ABOUT THIS TASK: Below are the entries. Transcribe exactly the lines from the one with "from ezdxf import colors" through the one with "doc.units = ezdxf.units.MM", ends included, and leave out all others.

Dataset items:
== == ==

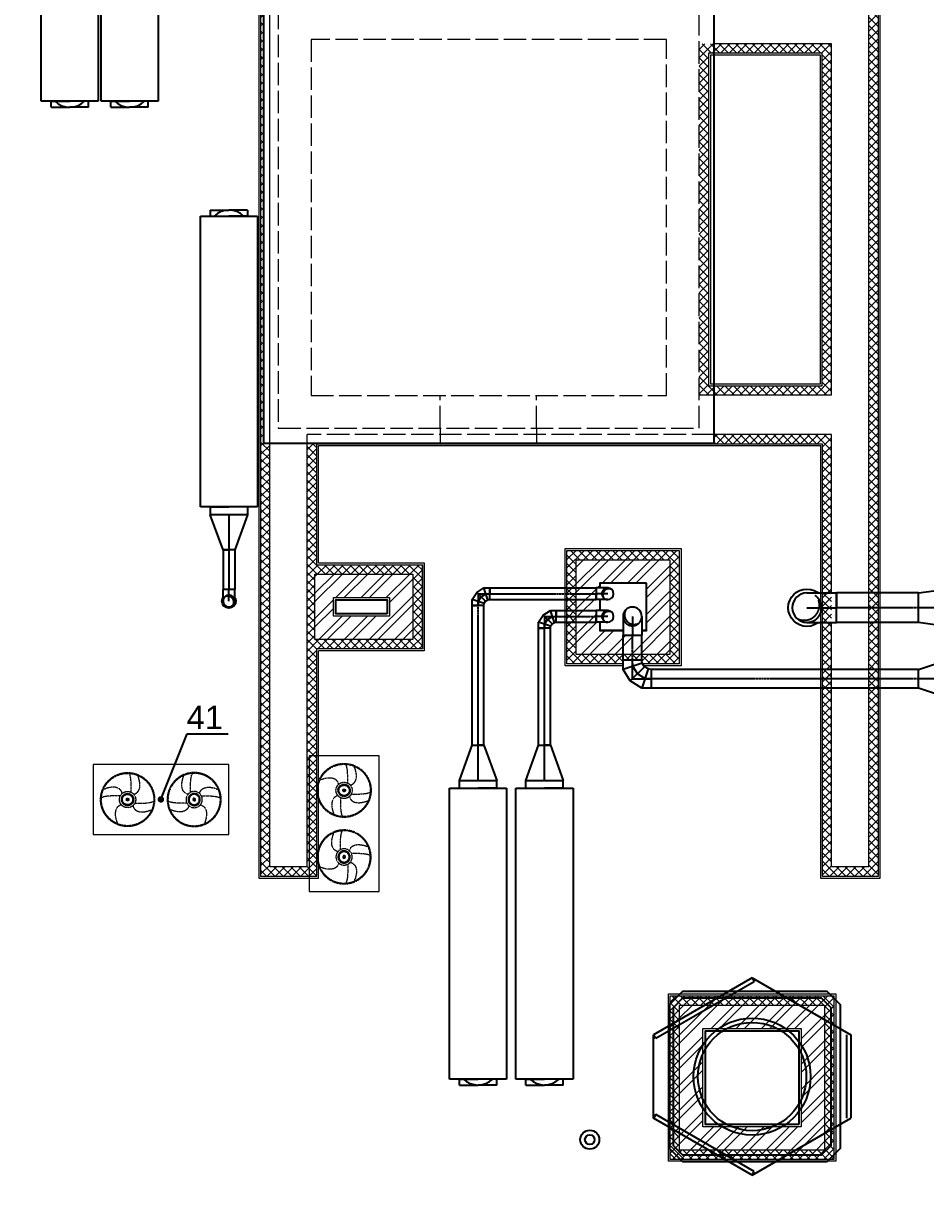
# Model space of a CAD drawing. Header units: millimetres. Extents: x -222892 to 671268, y 0 to 135099.
# Drawn here: x 605002 to 614648, y 103013 to 115540 of the extents above; entities that cross this region are included whole.
import ezdxf
from ezdxf import colors
from ezdxf.entities.mleader import LeaderData, LeaderLine
from ezdxf.math import Vec2, Vec3

# ---------------------------------------------------------------- set-up
doc = ezdxf.new("R2010")
doc.units = ezdxf.units.MM
for name, pattern in [('ACAD_ISO02W100', [15, 12, -3]), ('CENTER', [2, 1.25, -0.25, 0.25, -0.25]), ('CENTER2', [28.575000000000003, 19.05, -3.175, 3.175, -3.175]), ('HIDDEN', [6, 4, -2])]:
    doc.linetypes.add(name, pattern=pattern)
for name, color, linetype in [('Aks_скрытые_линии', 7, 'HIDDEN'), ('Aks_Схема', 3, 'Continuous'), ('АР_Парапет', 142, 'Continuous'), ('Аэратор', 20, 'Continuous'), ('М_0_ПД2', 181, 'Continuous'), ('М_3_транзиты 7эт', 112, 'Continuous'), ('М_ОВ-ЭОМ', 140, 'Continuous'), ('ПРОЕМЫ ОВ', 173, 'Continuous')]:
    doc.layers.add(name, color=color, linetype=linetype)
for name, color, linetype, lineweight in [('АР_Перегородки кирпич', 244, 'Continuous', 5), ('АР_Перегородки_кирпич_Штрих', 244, 'Continuous', 5), ('АР_Тонкие линие построения', 251, 'Continuous', 5), ('АР_Утеплитель', 154, 'Continuous', 5), ('АР_Штрих утеплитель', 24, 'Continuous', 5), ('КР_Тонкая', 250, 'Continuous', 5), ('М_0_В35', 142, 'Continuous', 25), ('М_фреонопроводы', 251, 'CENTER', 5), ('М_Холод', 161, 'Continuous', 5), ('пунктир', 251, 'Continuous', 5)]:
    doc.layers.add(name, color=color, linetype=linetype, lineweight=lineweight)
doc.styles.get("Standard").update_dxf_attribs({"font": 'arial.ttf'})
pattern_1 = [(45, (0, 0), (-44.90128060534577, 44.90128060534577), []), (135, (0, 0), (-44.90128060534577, -44.90128060534576), [])]
pattern_2 = [(45, (0, 0), (-134.7038418160373, 134.7038418160373), []), (45, (89.80260000000001, 0), (-134.7038418160373, 134.7038418160373), [])]

# ---------------------------------------------------------------- blocks, each defined once
blk = doc.blocks.new('A$C0d4e4e51')
at = {"layer": 'М_фреонопроводы'}
for centre, radius in [((0, 0), 288.8566844358662), ((0, 0), 280.0460147857403), ((0, 0), 86.98640421516119), ((0, 3.637978807091713e-12), 65.82206057451572), ((0, 3.637978807091713e-12), 63.32245125797893), ((0, 3.637978807091713e-12), 56.71282374609209), ((0, 0), 54.54809857845037), ((0, 0), 14.99765589915607), ((0, 3.637978807091713e-12), 8.998593539488997)]:
    blk.add_circle(centre, radius, dxfattribs=at)
for points in [[(38.81393808877328, 77.84672586773013), (39.43069206242217, 120.3497430797324), (39.47233744623372, 124.4594547744491), (35.66894700675039, 209.123091795238), (35.17107245826628, 213.5192511267633), (31.78933022113051, 237.1253008804342), (27.78976368147414, 255.6517357684061), (20.06445512908977, 275.2600530449563), (15.84786306304159, 279.5972382440705)], [(63.54760664294008, 59.40260184484941), (65.73832356143976, 58.00498084995343), (68.34381133969873, 57.87383059890271), (74.83213327103294, 59.95696780453363), (98.28155533538666, 72.37771393170624), (102.4814754161052, 75.86668588565226), (121.3887601780589, 101.6294875521926), (128.0909414612688, 120.3129603113375), (132.1284807362827, 151.4181425748029), (125.5335555436322, 204.1606599614897), (112.3440243985387, 253.1503100278678), (112.0503138446948, 256.6524840415077), (112.0560640089097, 256.665654856246)], [(-59.40322799712885, 63.54702323626043), (-57.95132772275247, 65.92323795983248), (-57.81069860747084, 68.12168681551339), (-66.13242229243042, 88.73537166748793), (-89.68721753318096, 114.5516164181754), (-113.1485436978401, 125.9900323876027), (-136.6817204181571, 131.155181952734), (-160.1875698759104, 132.1402363777997), (-183.6778367552906, 129.6615824114306), (-206.8629539503017, 124.8615624744525), (-230.6765725885052, 117.9500065310131), (-249.9349933031481, 112.4497500339094), (-250.1639833884547, 125.8719659518611), (-250.3874668942881, 125.6004135641269)], [(-77.82987675641198, 38.83033988487296), (-132.6866261559189, 39.51315608773075), (-179.6618912399863, 38.15869686541919), (-250.1639833884547, 28.83113718986715), (-273.735531223414, 21.14097486649553), (-279.0702124371892, 17.69482380398767), (-279.5427027341793, 16.78236411924809)], [(-65.60806570155546, -57.1158142127133), (-85.7318453581538, -64.55684122126695), (-89.76284992770525, -66.70990112627624), (-109.2171977745602, -82.74032893414551), (-113.2483344665379, -87.83830825575205), (-131.6896096614655, -142.0107320795069), (-131.9470465349732, -146.0117300520578), (-117.9075176594779, -230.8108275714912), (-113.1745423458051, -246.46223046249), (-112.6694436229882, -251.8082155990414), (-113.1850353375776, -254.7440878514062), (-113.708465914533, -255.922166247361)], [(59.11560495081358, -63.81070736391848), (57.95153387717437, -65.92304112415877), (57.81194275961025, -67.83217758488536), (64.31694757047808, -85.24637534668364), (74.71775531442836, -101.1676535591214), (78.7454179043998, -105.516544056205), (98.20900750067085, -119.6778879330232), (102.3855371720274, -121.7435801907632), (121.3159107790561, -128.3445471898413), (125.3248903668718, -129.266920987), (144.7414908983046, -131.8779404638008), (149.0356453520362, -132.069310525294), (168.2951715114759, -131.8483241215872), (172.3876948588877, -131.4734702054047), (191.8369328343542, -128.232706872237), (213.4106816254789, -123.1248564562156), (235.4127962280763, -116.4471487484661), (239.3971075395821, -115.1846321040757), (252.9740532205906, -112.5108137534517), (257.9890519533074, -108.9376861770543)], [(78.29462670424255, -37.90232113634193), (78.75280149595346, -38.45243077696796), (81.9342638203525, -38.88761753211293), (98.28155533532845, -38.88761753211293), (102.2703480111668, -39.11849815771711), (121.3069393527112, -39.44199996194584), (125.3212771530962, -39.47957649205273), (144.8442776836455, -39.47957649205273), (148.843652590178, -39.47957649205273), (168.3361992100254, -38.76028489688179), (172.3399801654741, -38.76028489688179), (191.7170467665419, -37.308851076672), (195.9839557032101, -36.95291361593627), (213.4016683715163, -35.1848435177053), (217.4017371113878, -34.82572348172835), (235.3934991882415, -31.9824380530481), (239.4466719495831, -31.27066237922918), (257.9657091209083, -26.55387223586877), (261.9935612624977, -25.53252835354942), (275.0905243118759, -20.15364528933424), (278.1652131528826, -17.69482162112763), (279.5329044557875, -16.94478456313664)]]:
    blk.add_spline(points, degree=3, dxfattribs=at)
blk = doc.blocks.new('*U4608')
at = {"linetype": 'ByBlock'}
for p, q in [((-15.55352697218349, -3.05), (-15.55352697218349, 3.05)), ((-15.55352697218349, 3.05), (15.55207691330563, 3.05)), ((15.55207691330563, 3.05), (15.55207691330563, -3.05)), ((15.55207691330563, -3.05), (-15.55352697218349, -3.05))]:
    blk.add_line(p, q, dxfattribs=at)
blk = doc.blocks.new('Aks_rs_mixed_400x200_to_125_375_wipe')
at = {"color": 0, "linetype": 'ByBlock', "lineweight": -2}
blk.add_wipeout([(-2, 0), (2, 0), (0.625, 3.75), (-0.625, 3.75)], dxfattribs=at)
blk = doc.blocks.new('Aks_rs_mixed_400x200_to_125_375')
at = {"color": 0, "linetype": 'ByBlock', "lineweight": -2}
blk.add_blockref('Aks_rs_mixed_400x200_to_125_375_wipe', (0, 0), dxfattribs=at)
for p, q in [((-2, 0), (-0.625, 3.75)), ((-0.625, 3.75), (0.625, 3.75)), ((0.625, 3.75), (2, 0)), ((-2, 0), (2, 0))]:
    blk.add_line(p, q, dxfattribs=at)
at = {"layer": 'Aks_Схема'}
blk.add_line((0, 0), (0, 3.75), dxfattribs=at)
blk = doc.blocks.new('Aks_es_drop_rnd_125_125_wipe')
at = {"color": 0, "linetype": 'ByBlock', "lineweight": -2}
blk.add_wipeout([(-0.625, 0), (-0.6215761846051708, 0.06533028954228337), (-0.6113422504586287, 0.12994480676109932), (-0.5944103226844708, 0.19313562148434205), (-0.5709659110266256, 0.25421040192237543), (-0.5412658773652743, 0.3125), (-0.5056356214843422, 0.3673657826827954), (-0.46446551592337126, 0.41820662897428607), (-0.4182066289742863, 0.46446551592337126), (-0.3673657826827956, 0.5056356214843425), (-0.3125, 0.5412658773652743), (-0.2542104019223753, 0.5709659110266254), (-0.19313562148434216, 0.5944103226844706), (-0.12994480676109965, 0.6113422504586286), (-0.06533028954228359, 0.6215761846051708), (-2.220446049250313e-16, 0.625), (0.06533028954228334, 0.6215761846051708), (0.12994480676109932, 0.6113422504586286), (0.19313562148434185, 0.594410322684471), (0.25421040192237476, 0.5709659110266254), (0.3124999999999996, 0.5412658773652743), (0.3673657826827954, 0.5056356214843425), (0.4182066289742862, 0.46446551592337126), (0.4644655159233713, 0.4182066289742865), (0.505635621484342, 0.3673657826827954), (0.5412658773652741, 0.3125), (0.5709659110266256, 0.254210401922375), (0.5944103226844711, 0.19313562148434205), (0.6113422504586286, 0.12994480676109887), (0.621576184605171, 0.06533028954228293), (0.6250000000000001, 0), (0.6250000000000001, -1.25), (-0.625, -1.25)], dxfattribs=at)
blk = doc.blocks.new('Aks_es_drop_rnd_125_125')
at = {"color": 0, "linetype": 'ByBlock', "lineweight": -2}
blk.add_arc((0, 0), 0.625, 0, 180, dxfattribs=at)
blk.add_blockref('Aks_es_drop_rnd_125_125_wipe', (0, 0), dxfattribs=at)
for p, q in [((-0.625, 0), (-0.625, -1.25)), ((0.625, 0), (0.625, -1.25)), ((-0.625, -1.25), (0.625, -1.25))]:
    blk.add_line(p, q, dxfattribs=at)
at = {"color": 200, "linetype": 'CENTER2', "lineweight": -2}
blk.add_line((0, 0), (0, -1.25), dxfattribs=at)
at = {"color": 0, "linetype": 'ByBlock', "lineweight": -2}
blk.add_arc((0, 0), 0.625, 0, 180, dxfattribs=at)
at = {"layer": 'Aks_скрытые_линии'}
for centre, radius, start, end in [((0, 0), 0.625, 180, 0), ((0.1104854345603981, 0.1104854345603981), 0.6442352540027595, 149.0362434679265, 300.9637565320735)]:
    blk.add_arc(centre, radius, start, end, dxfattribs=at)
at = {"layer": 'Aks_Схема'}
blk.add_line((0, 0), (0, -1.25), dxfattribs=at)
blk = doc.blocks.new('Aks_es_drop_rnd_200_200_wipe')
at = {"color": 0, "linetype": 'ByBlock', "lineweight": -2}
blk.add_wipeout([(-1, 0), (-0.9945218953682731, 0.10452846326765375), (-0.9781476007338059, 0.20791169081775918), (-0.9510565162951536, 0.30901699437494745), (-0.913545457642601, 0.40673664307580015), (-0.8660254037844388, 0.5), (-0.8090169943749475, 0.5877852522924734), (-0.743144825477394, 0.6691306063588573), (-0.6691306063588582, 0.743144825477394), (-0.5877852522924731, 0.8090169943749475), (-0.5, 0.8660254037844393), (-0.40673664307580015, 0.9135454576426012), (-0.30901699437494745, 0.9510565162951536), (-0.2079116908177594, 0.9781476007338057), (-0.10452846326765353, 0.9945218953682726), (-4.440892098500626e-16, 1), (0.10452846326765297, 0.9945218953682735), (0.2079116908177589, 0.9781476007338057), (0.30901699437494695, 0.9510565162951536), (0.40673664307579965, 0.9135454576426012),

== == ==

THE COMPLETED TASK:
from ezdxf import colors
from ezdxf.entities.mleader import LeaderData, LeaderLine
from ezdxf.math import Vec2, Vec3

# ---------------------------------------------------------------- set-up
doc = ezdxf.new("R2010")
doc.units = ezdxf.units.MM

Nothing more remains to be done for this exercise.